The special act that authorized and empowered the City of Kissimmee to make street improvements specifically laid down the method to be adopted in apportioning the cost of the work. The allegation of the bill on this subject is as follows:

“Complainant further alleges that the said City of Kissimmee, has caused to be made on Clyde Avenue and abutting the property hereinabove described, the following improvements, to-wit: 296-Square Yards of Vitrified Brick Paving, and that said improvements have been completed and due notice of the cost thereof and of the intention of the said City of Kissimmee to claim a lien for the proportionate cost thereof having been established' by the issuance of a certificate of indebtedness, which has duly been registered in the City Lien Book, in accordance with the provisions of said Special Act, as herein-before set forth, and the Council of the said City of Kissimmee having on the said 28th day of June, A. D. 1912, assessed against the hereinabove described property abutting upon said street, the just proportion of the cost of said improvements, same being the proportionate cost upon the real estate hereinbefore described, and being in the sum of $186.48; as will more fully appear by reference to the original certificate of indebtedness No. 40, attached hereto, marked Exhibit ‘A,’ and a certified copy of minutes of City Council of the City of Kissimmee, marked Exhibit ‘B,’ and made a part of this bill of complaint.”

The statute requires the assessment to be made upon the basis of the number of feet of frontage of each lot, and it appears from the bill that a different basis was adopted, and the owner of the lot was assessed for “296 Square Yards of Vitrified Brick paving,” instead of his proportion of two-thirds of the entire cost, in proportion to the length of his abutting property, as required by the statute.
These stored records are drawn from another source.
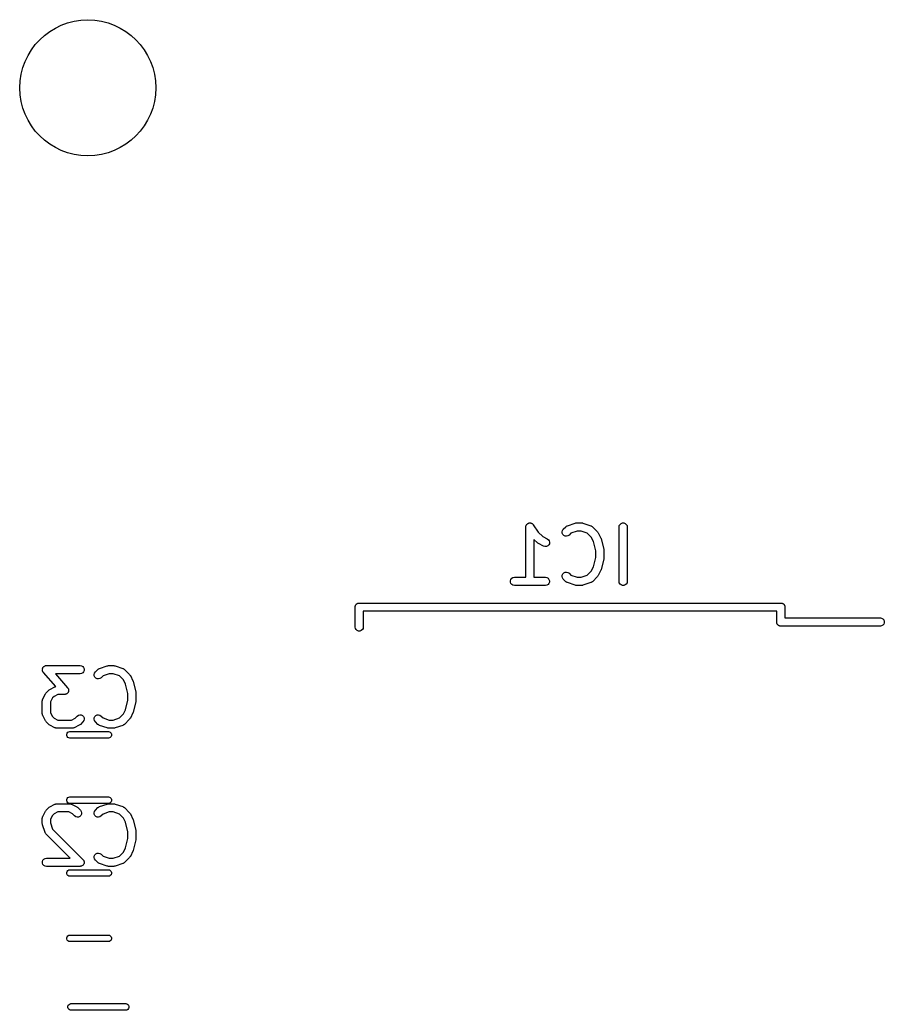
# Model space of a CAD drawing. Extents: x 107.4 to 189.2, y -108.6 to -71.4.
# Drawn here: x 107.94 to 123.83, y -89.55 to -71.35 of the extents above; entities that cross this region are included whole.
import ezdxf

# ---------------------------------------------------------------- set-up
doc = ezdxf.new("R2010")
doc.units = 0
doc.header["$MEASUREMENT"] = 0
doc.layers.add('BLACK', color=7, linetype='CONTINUOUS')

msp = doc.modelspace()

# ---------------------------------------------------------------- linework, layer by layer
at = {"layer": 'BLACK', "linetype": 'CONTINUOUS'}
for p, q in [((117.26, -80.6295), (117.265, -80.6218)), ((117.265, -80.6218), (117.268, -80.6191)), ((117.268, -80.6191), (117.27, -80.6157)), ((117.27, -80.6157), (117.278, -80.6108)), ((117.278, -80.6108), (117.285, -80.605)), ((117.285, -80.605), (117.289, -80.6036)), ((117.289, -80.6036), (117.292, -80.6013)), ((117.292, -80.6013), (117.301, -80.5992)), ((117.301, -80.5992), (117.309, -80.5961)), ((117.309, -80.5961), (117.313, -80.5961)), ((117.313, -80.5961), (117.317, -80.5951)), ((117.317, -80.5951), (117.326, -80.5961)), ((117.326, -80.5961), (117.335, -80.5961)), ((117.335, -80.5961), (117.339, -80.5975)), ((117.339, -80.5975), (117.343, -80.598)), ((117.343, -80.598), (117.351, -80.602)), ((117.351, -80.602), (117.36, -80.605)), ((117.36, -80.605), (117.363, -80.6077)), ((117.363, -80.6077), (117.367, -80.6095)), ((117.367, -80.6095), (117.373, -80.616)), ((117.373, -80.616), (117.38, -80.6218)), ((117.38, -80.6218), (117.382, -80.6254)), ((118.013, -80.6464), (118.156, -80.5988)), ((118.156, -80.5988), (118.167, -80.5971)), ((118.167, -80.5971), (118.179, -80.595)), ((118.179, -80.595), (118.274, -80.595)), ((118.274, -80.595), (118.286, -80.5971)), ((118.286, -80.5971), (118.298, -80.5988)), ((118.298, -80.5988), (118.441, -80.6464)), ((118.966, -80.6443), (118.979, -80.6218)), ((118.979, -80.6218), (118.999, -80.605)), ((118.999, -80.605), (119.023, -80.5961)), ((119.023, -80.5961), (119.049, -80.5961)), ((119.049, -80.5961), (119.074, -80.605)), ((119.074, -80.605), (119.094, -80.6218)), ((119.094, -80.6218), (119.107, -80.6443)), ((117.247, -80.67), (117.248, -80.6659)), ((117.247, -81.595), (117.247, -80.67)), ((117.248, -80.6617), (117.25, -80.6531)), ((117.248, -80.6659), (117.248, -80.6617)), ((117.25, -80.6531), (117.252, -80.6443)), ((117.252, -80.6443), (117.254, -80.6407)), ((117.254, -80.6407), (117.255, -80.6367)), ((117.255, -80.6367), (117.26, -80.6295)), ((117.382, -80.6254), (117.385, -80.6284)), ((117.385, -80.6284), (117.476, -80.7651)), ((117.476, -80.7651), (117.557, -80.8464)), ((117.914, -80.7587), (117.921, -80.7335)), ((117.916, -80.7846), (117.914, -80.7587)), ((117.927, -80.8082), (117.916, -80.7846)), ((117.921, -80.7335), (117.936, -80.7122)), ((117.936, -80.7122), (117.983, -80.6646)), ((117.983, -80.6646), (117.987, -80.6621)), ((117.987, -80.6621), (117.99, -80.6589)), ((117.99, -80.6589), (117.997, -80.6547)), ((117.997, -80.6547), (118.005, -80.6496)), ((118.005, -80.6496), (118.009, -80.6485)), ((118.009, -80.6485), (118.013, -80.6464)), ((118.077, -80.7832), (118.042, -80.8183)), ((118.191, -80.745), (118.077, -80.7832)), ((118.262, -80.745), (118.191, -80.745)), ((118.377, -80.7832), (118.262, -80.745)), ((118.451, -80.8573), (118.377, -80.7832)), ((118.441, -80.6464), (118.445, -80.6485)), ((118.445, -80.6485), (118.449, -80.6496)), ((118.449, -80.6496), (118.456, -80.6547)), ((118.456, -80.6547), (118.464, -80.6589)), ((118.464, -80.6589), (118.467, -80.6621)), ((118.467, -80.6621), (118.47, -80.6646)), ((118.47, -80.6646), (118.566, -80.7598)), ((118.566, -80.7598), (118.573, -80.7696)), ((118.573, -80.7696), (118.58, -80.7793)), ((118.58, -80.7793), (118.627, -80.8745)), ((118.961, -80.67), (118.966, -80.6443)), ((118.961, -81.67), (118.961, -80.67)), ((119.107, -80.6443), (119.111, -80.67)), ((119.111, -80.67), (119.111, -81.67)), ((117.46, -80.9611), (117.397, -80.8987)), ((117.397, -80.8987), (117.397, -81.595)), ((117.469, -80.968), (117.46, -80.9611)), ((117.479, -80.9752), (117.469, -80.968)), ((117.574, -81.0228), (117.479, -80.9752)), ((117.557, -80.8464), (117.641, -80.8886)), ((117.641, -80.8886), (117.662, -80.9041)), ((117.662, -80.9041), (117.677, -80.9259)), ((117.68, -80.9771), (117.668, -81.0004)), ((117.677, -80.9259), (117.683, -80.9512)), ((117.683, -80.9512), (117.68, -80.9771)), ((117.946, -80.8267), (117.927, -80.8082)), ((117.969, -80.8377), (117.946, -80.8267)), ((117.995, -80.8399), (117.969, -80.8377)), ((118.02, -80.8332), (117.995, -80.8399)), ((118.042, -80.8183), (118.02, -80.8332)), ((118.489, -80.9343), (118.451, -80.8573)), ((118.533, -81.1078), (118.489, -80.9343)), ((118.627, -80.8745), (118.63, -80.8824)), ((118.63, -80.8824), (118.633, -80.8899)), ((118.633, -80.8899), (118.681, -81.0804)), ((117.599, -81.0302), (117.574, -81.0228)), ((117.625, -81.0286), (117.599, -81.0302)), ((117.649, -81.0183), (117.625, -81.0286)), ((117.668, -81.0004), (117.649, -81.0183)), ((118.533, -81.2322), (118.533, -81.1078)), ((118.681, -81.0804), (118.681, -81.0895)), ((118.681, -81.0895), (118.683, -81.0986)), ((118.683, -81.0986), (118.683, -81.2414)), ((118.489, -81.4057), (118.533, -81.2322)), ((118.681, -81.2596), (118.633, -81.4501)), ((118.683, -81.2414), (118.681, -81.2504)), ((118.681, -81.2504), (118.681, -81.2596)), ((117.916, -81.5553), (117.927, -81.5317)), ((117.927, -81.5317), (117.946, -81.5133)), ((117.946, -81.5133), (117.969, -81.5023)), ((117.969, -81.5023), (117.995, -81.5)), ((117.995, -81.5), (118.02, -81.5068)), ((118.02, -81.5068), (118.042, -81.5217)), ((118.042, -81.5217), (118.077, -81.5568)), ((118.377, -81.5568), (118.451, -81.4827)), ((118.451, -81.4827), (118.489, -81.4057)), ((118.627, -81.4654), (118.58, -81.5607)), ((118.63, -81.4576), (118.627, -81.4654)), ((118.633, -81.4501), (118.63, -81.4576)), ((116.963, -81.657), (116.971, -81.6325)), ((116.963, -81.683), (116.963, -81.657)), ((116.971, -81.7075), (116.963, -81.683)), ((116.971, -81.6325), (116.988, -81.6125)), ((116.988, -81.7274), (116.971, -81.7075)), ((116.988, -81.6125), (117.011, -81.5995)), ((117.011, -81.5995), (117.036, -81.595)), ((117.036, -81.595), (117.247, -81.595)), ((117.397, -81.595), (117.608, -81.595)), ((117.608, -81.595), (117.633, -81.5995)), ((117.633, -81.5995), (117.656, -81.6125)), ((117.656, -81.6125), (117.673, -81.6325)), ((117.673, -81.7075), (117.656, -81.7274)), ((117.673, -81.6325), (117.682, -81.657)), ((117.682, -81.683), (117.673, -81.7075)), ((117.682, -81.657), (117.682, -81.683)), ((117.914, -81.5813), (117.916, -81.5553)), ((117.921, -81.6064), (117.914, -81.5813)), ((117.936, -81.6278), (117.921, -81.6064)), ((117.983, -81.6754), (117.936, -81.6278)), ((117.987, -81.6779), (117.983, -81.6754)), ((117.99, -81.6811), (117.987, -81.6779)), ((117.997, -81.6853), (117.99, -81.6811)), ((118.005, -81.6903), (117.997, -81.6853)), ((118.009, -81.6915), (118.005, -81.6903)), ((118.013, -81.6935), (118.009, -81.6915)), ((118.156, -81.7411), (118.013, -81.6935)), ((118.077, -81.5568), (118.191, -81.595)), ((118.191, -81.595), (118.262, -81.595)), ((118.262, -81.595), (118.377, -81.5568)), ((118.441, -81.6935), (118.298, -81.7411)), ((118.445, -81.6915), (118.441, -81.6935)), ((118.449, -81.6903), (118.445, -81.6915)), ((118.456, -81.6853), (118.449, -81.6903)), ((118.464, -81.6811), (118.456, -81.6853)), ((118.467, -81.6779), (118.464, -81.6811)), ((118.47, -81.6754), (118.467, -81.6779)), ((118.566, -81.5802), (118.47, -81.6754)), ((118.573, -81.5703), (118.566, -81.5802)), ((118.58, -81.5607), (118.573, -81.5703)), ((118.966, -81.6956), (118.961, -81.67)), ((118.979, -81.7182), (118.966, -81.6956)), ((119.107, -81.6956), (119.094, -81.7182)), ((119.111, -81.67), (119.107, -81.6956)), ((117.011, -81.7405), (116.988, -81.7274)), ((117.036, -81.745), (117.011, -81.7405)), ((117.608, -81.745), (117.036, -81.745)), ((117.633, -81.7405), (117.608, -81.745)), ((117.656, -81.7274), (117.633, -81.7405)), ((118.167, -81.7429), (118.156, -81.7411)), ((118.179, -81.745), (118.167, -81.7429)), ((118.274, -81.745), (118.179, -81.745)), ((118.286, -81.7429), (118.274, -81.745)), ((118.298, -81.7411), (118.286, -81.7429)), ((118.999, -81.7349), (118.979, -81.7182)), ((119.023, -81.7438), (118.999, -81.7349)), ((119.049, -81.7438), (119.023, -81.7438)), ((119.074, -81.7349), (119.049, -81.7438)), ((119.094, -81.7182), (119.074, -81.7349)), ((114.142, -82.0809), (114.147, -82.0766)), ((114.147, -82.0766), (114.153, -82.0744)), ((114.153, -82.0744), (114.159, -82.071)), ((114.159, -82.071), (114.166, -82.0699)), ((114.166, -82.0699), (114.172, -82.0676)), ((114.172, -82.0676), (114.179, -82.0676)), ((114.179, -82.0676), (114.179, -82.0676)), ((114.179, -82.0676), (121.942, -82.0676)), ((121.942, -82.0676), (121.948, -82.0676)), ((121.942, -82.0676), (121.942, -82.0676)), ((121.948, -82.0676), (121.955, -82.0699)), ((121.955, -82.0699), (121.961, -82.071)), ((121.961, -82.071), (121.967, -82.0744)), ((121.967, -82.0744), (121.973, -82.0766)), ((121.973, -82.0766), (121.978, -82.0809)), ((114.11, -82.1294), (114.112, -82.1231)), ((114.11, -82.136), (114.11, -82.1294)), ((114.11, -82.5142), (114.11, -82.136)), ((114.11, -82.136), (114.11, -82.136)), ((114.112, -82.1231), (114.114, -82.1166)), ((114.114, -82.1166), (114.117, -82.1108)), ((114.117, -82.1108), (114.119, -82.1045)), ((114.119, -82.1045), (114.124, -82.0994)), ((114.124, -82.0994), (114.127, -82.0936)), ((114.127, -82.0936), (114.132, -82.0894)), ((114.132, -82.0894), (114.136, -82.0843)), ((114.136, -82.0843), (114.142, -82.0809)), ((121.86, -82.2176), (114.26, -82.2176)), ((114.26, -82.2176), (114.26, -82.5142)), ((121.86, -82.4044), (121.86, -82.2176)), ((121.978, -82.0809), (121.984, -82.0843)), ((121.984, -82.0843), (121.988, -82.0894)), ((121.988, -82.0894), (121.994, -82.0936)), ((121.994, -82.0936), (121.997, -82.0994)), ((121.997, -82.0994), (122.001, -82.1045)), ((122.001, -82.1045), (122.003, -82.1108)), ((122.003, -82.1108), (122.007, -82.1166)), ((122.007, -82.1166), (122.008, -82.1231)), ((122.008, -82.1231), (122.01, -82.1294)), ((122.01, -82.1294), (122.01, -82.136)), ((122.01, -82.136), (122.01, -82.136)), ((122.01, -82.136), (122.01, -82.3426)), ((121.86, -82.4308), (121.86, -82.4044)), ((121.862, -82.4371), (121.86, -82.4308)), ((121.864, -82.4436), (121.862, -82.4371)), ((121.867, -82.4494), (121.864, -82.4436)), ((122.01, -82.3426), (123.767, -82.3426)), ((123.767, -82.3426), (123.786, -82.346)), ((123.786, -82.346), (123.809, -82.3593)), ((123.809, -82.3593), (123.826, -82.3795)), ((123.826, -82.3795), (123.835, -82.4044)), ((123.835, -82.4308), (123.826, -82.4557)), ((123.835, -82.4044), (123.835, -82.4308)), ((114.114, -82.5336), (114.11, -82.5142)), ((114.127, -82.5566), (114.114, -82.5336)), ((114.147, -82.5736), (114.127, -82.5566)), ((114.172, -82.5826), (114.147, -82.5736)), ((114.198, -82.5826), (114.172, -82.5826)), ((114.223, -82.5736), (114.198, -82.5826)), ((114.244, -82.5566), (114.223, -82.5736)), ((114.257, -82.5336), (114.244, -82.5566)), ((114.26, -82.5142), (114.257, -82.5336)), ((121.869, -82.4557), (121.867, -82.4494)), ((121.874, -82.4608), (121.869, -82.4557)), ((121.877, -82.4666), (121.874, -82.4608)), ((121.882, -82.4708), (121.877, -82.4666)), ((121.886, -82.4759), (121.882, -82.4708)), ((121.892, -82.4793), (121.886, -82.4759)), ((121.897, -82.4836), (121.892, -82.4793)), ((121.903, -82.4858), (121.897, -82.4836)), ((121.909, -82.4892), (121.903, -82.4858)), ((121.916, -82.4903), (121.909, -82.4892)), ((121.922, -82.4926), (121.916, -82.4903)), ((121.929, -82.4926), (121.922, -82.4926)), ((123.767, -82.4926), (121.929, -82.4926)), ((121.929, -82.4926), (121.929, -82.4926)), ((123.786, -82.4892), (123.767, -82.4926)), ((123.809, -82.4759), (123.786, -82.4892)), ((123.826, -82.4557), (123.809, -82.4759)), ((108.359, -83.2939), (108.36, -83.2867)), ((108.36, -83.2996), (108.359, -83.2939)), ((108.36, -83.2794), (108.362, -83.2739)), ((108.36, -83.2867), (108.36, -83.2794)), ((108.36, -83.3054), (108.36, -83.2996)), ((108.363, -83.3123), (108.36, -83.3054)), ((108.362, -83.2739), (108.363, -83.2682)), ((108.363, -83.2682), (108.367, -83.2618)), ((108.364, -83.3195), (108.363, -83.3123)), ((108.367, -83.3244), (108.364, -83.3195)), ((108.367, -83.2618), (108.369, -83.2549)), ((108.369, -83.3299), (108.367, -83.3244)), ((108.369, -83.2549), (108.373, -83.2504)), ((108.374, -83.3355), (108.369, -83.3299)), ((108.373, -83.2504), (108.376, -83.2454)), ((108.378, -83.3418), (108.374, -83.3355)), ((108.376, -83.2454), (108.381, -83.2405)), ((108.605, -83.6018), (108.378, -83.3418)), ((108.381, -83.2405), (108.386, -83.2349)), ((108.386, -83.2349), (108.391, -83.232)), ((108.391, -83.232), (108.395, -83.2282)), ((108.395, -83.2282), (108.402, -83.2256)), ((108.402, -83.2256), (108.409, -83.2219)), ((108.409, -83.2219), (108.414, -83.2209)), ((108.414, -83.2209), (108.42, -83.2188)), ((108.42, -83.2188), (108.427, -83.2187)), ((108.427, -83.2187), (108.434, -83.2174)), ((108.434, -83.2174), (109.053, -83.2174)), ((109.053, -83.2174), (109.079, -83.2219)), ((109.079, -83.2219), (109.102, -83.2349)), ((109.102, -83.3498), (109.079, -83.3629)), ((109.102, -83.2349), (109.118, -83.2549)), ((109.118, -83.3299), (109.102, -83.3498)), ((109.118, -83.2549), (109.127, -83.2794)), ((109.127, -83.3054), (109.118, -83.3299)), ((109.127, -83.2794), (109.127, -83.3054)), ((109.319, -83.3559), (109.334, -83.3346)), ((109.334, -83.3346), (109.381, -83.287)), ((109.381, -83.287), (109.385, -83.2845)), ((109.385, -83.2845), (109.388, -83.2813)), ((109.388, -83.2813), (109.395, -83.2771)), ((109.395, -83.2771), (109.403, -83.272)), ((109.403, -83.272), (109.407, -83.2709)), ((109.407, -83.2709), (109.411, -83.2688)), ((109.411, -83.2688), (109.553, -83.2212)), ((109.553, -83.2212), (109.565, -83.2195)), ((109.565, -83.2195), (109.577, -83.2174)), ((109.577, -83.2174), (109.672, -83.2174)), ((109.672, -83.2174), (109.684, -83.2195)), ((109.684, -83.2195), (109.696, -83.2212)), ((109.696, -83.2212), (109.839, -83.2688)), ((109.839, -83.2688), (109.843, -83.2709)), ((109.843, -83.2709), (109.847, -83.272)), ((109.847, -83.272), (109.854, -83.2771)), ((109.854, -83.2771), (109.862, -83.2813)), ((109.862, -83.2813), (109.865, -83.2845)), ((109.865, -83.2845), (109.868, -83.287)), ((109.868, -83.287), (109.964, -83.3822)), ((109.053, -83.3674), (108.6, -83.3674)), ((108.6, -83.3674), (108.824, -83.6239)), ((109.079, -83.3629), (109.053, -83.3674)), ((109.312, -83.3811), (109.319, -83.3559)), ((109.314, -83.407), (109.312, -83.3811)), ((109.325, -83.4306), (109.314, -83.407)), ((109.344, -83.4491), (109.325, -83.4306)), ((109.367, -83.4601), (109.344, -83.4491)), ((109.393, -83.4623), (109.367, -83.4601)), ((109.418, -83.4556), (109.393, -83.4623)), ((109.44, -83.4407), (109.418, -83.4556)), ((109.475, -83.4056), (109.44, -83.4407)), ((109.589, -83.3674), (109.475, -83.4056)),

The city council had no authority to adopt a rule for apportioning the expense of the paving, different from that expressly designated in the statute, and it appearing from the bill that a different rule was adopted, the assessment is void, the bill is without equity, and the demurrer to it should have been sustained.

Order reversed.

Taylor, Ellis and West, J. J., concur.

Wi-iitfield, J., dissents.

Whitfield, J.,

dissenting. — I do not understand from

the bill that it shows a rule of assessment against abutting property different from that fixed by the statute was adopted or applied by the municipality.